Like countless substances both natural and synthetic, they appear safe enough if you don't eat a substantial amount of them. How do the quantities involved in the studies compare to the levels we end up consuming? Nobody ever seems to address that.
since these chemicals accumulate in the body, if we're absorbing them from the environment they could reach toxic levels. but what if we don't measure toxicity just by death, but by worsening health? if i or my child has some mysterious ailment, how do we know it's not from PFOS chemicals, or many of the other synthetic chemicals industries have been pumping into our air, water, and earth for decades?
Because everything is toxic in large-enough quantities.
Threads like this always end up semantically identical to the Unabomber's manifesto.
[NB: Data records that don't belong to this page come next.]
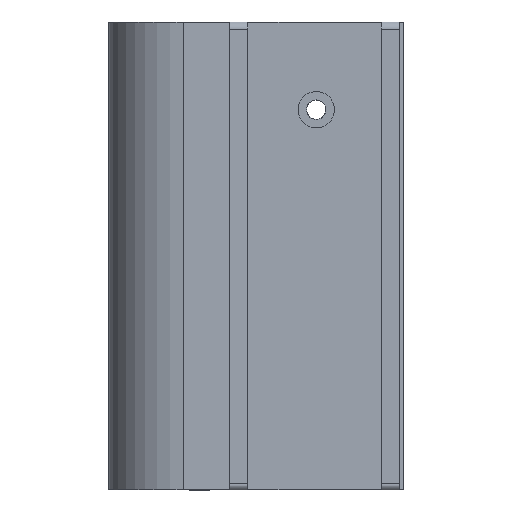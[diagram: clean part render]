
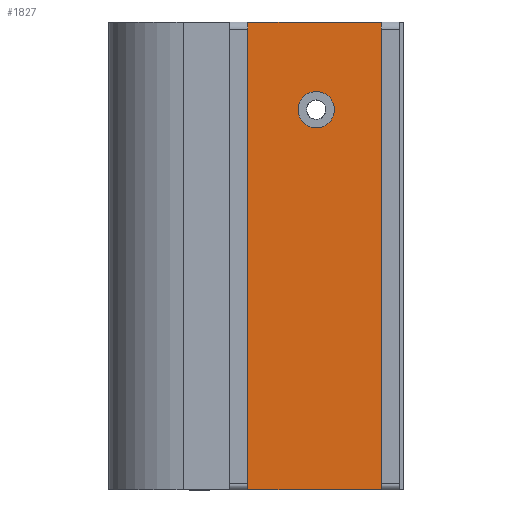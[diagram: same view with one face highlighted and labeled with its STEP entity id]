
A CAD part, left-side view. The second image highlights one B-rep face of the part: STEP entity #1827.
In plain terms, the highlighted planar face has unit normal (-1, 0, 0).
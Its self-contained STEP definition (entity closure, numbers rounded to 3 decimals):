
#49=PLANE('',#1979);
#88=FACE_BOUND('',#247,.T.);
#145=FACE_OUTER_BOUND('',#246,.T.);
#246=EDGE_LOOP('',(#1531,#1532,#1533,#1534));
#247=EDGE_LOOP('',(#1535));
#343=LINE('',#2757,#546);
#445=LINE('',#3009,#648);
#461=LINE('',#3047,#664);
#462=LINE('',#3048,#665);
#546=VECTOR('',#2132,10.);
#648=VECTOR('',#2344,1000.);
#664=VECTOR('',#2388,1000.);
#665=VECTOR('',#2389,10.);
#749=CIRCLE('',#1980,3.);
#813=VERTEX_POINT('',#2754);
#814=VERTEX_POINT('',#2756);
#908=VERTEX_POINT('',#3006);
#909=VERTEX_POINT('',#3008);
#918=VERTEX_POINT('',#3049);
#998=EDGE_CURVE('',#813,#814,#343,.T.);
#1127=EDGE_CURVE('',#908,#909,#445,.T.);
#1147=EDGE_CURVE('',#909,#813,#461,.T.);
#1148=EDGE_CURVE('',#908,#814,#462,.T.);
#1149=EDGE_CURVE('',#918,#918,#749,.T.);
#1531=ORIENTED_EDGE('',*,*,#1147,.F.);
#1532=ORIENTED_EDGE('',*,*,#1127,.F.);
#1533=ORIENTED_EDGE('',*,*,#1148,.T.);
#1534=ORIENTED_EDGE('',*,*,#998,.F.);
#1535=ORIENTED_EDGE('',*,*,#1149,.T.);
#1827=ADVANCED_FACE('',(#145,#88),#49,.T.);
#1979=AXIS2_PLACEMENT_3D('',#3046,#2386,#2387);
#1980=AXIS2_PLACEMENT_3D('',#3050,#2390,#2391);
#2132=DIRECTION('',(0.,-1.,0.));
#2344=DIRECTION('',(0.,1.,0.));
#2386=DIRECTION('center_axis',(-1.,0.,0.));
#2387=DIRECTION('ref_axis',(0.,0.,
1.));
#2388=DIRECTION('',(0.,0.,1.));
#2389=DIRECTION('',(0.,0.,1.));
#2390=DIRECTION('center_axis',(1.,0.,0.));
#2391=DIRECTION('ref_axis',(0.,0.,-1.));
#2754=CARTESIAN_POINT('',(-13.,15.,76.189));
#2756=CARTESIAN_POINT('',(-13.,-7.,76.189));
#2757=CARTESIAN_POINT('',(-13.,-9.122,76.189));
#3006=CARTESIAN_POINT('',(-13.,-7.,-1.));
#3008=CARTESIAN_POINT('',(-13.,15.,-1.));
#3009=CARTESIAN_POINT('',(-13.,-5.,-1.));
#3046=CARTESIAN_POINT('Origin',(-13.,-10.668,-1.));
#3047=CARTESIAN_POINT('',(-13.,15.,-1.));
#3048=CARTESIAN_POINT('',(-13.,-7.,18.297));
#3049=CARTESIAN_POINT('',(-13.,3.736,64.727));
#3050=CARTESIAN_POINT('Origin',(-13.,3.736,61.727));

Sometimes that kind of throw-the-baby-out reaction is justified, as in the leaded-gasoline example, while sometimes it's not.
this is some real bad faith arguing saying my point is semantically identical to the unabomber manifesto. i really don't think it's close to that, since i'm not arguing for any kind of primitivism, nor for killing people to get there. and if you agree that this throw-the-baby-out reaction is justified sometime, maybe this is actually one of those cases?
the point of the article, and what i think you're ignoring, is the decades of cover-up by the corporate producers of these chemicals to protect their profits. that's not a good look if they're convinced their products are worth the damage
> Because everything is toxic in large-enough quantities.
We mostly don't take things in the large-enough quantities to make them poisonous. We cook on teflon for entire lifetimes, scraping food off of it, throwing out the pans when we visibly see the coating coming off.
> Threads like this always end up semantically identical to the Unabomber's manifesto.
No, they don't. But suggestions of regulation or political change somehow always get compared to terrorism.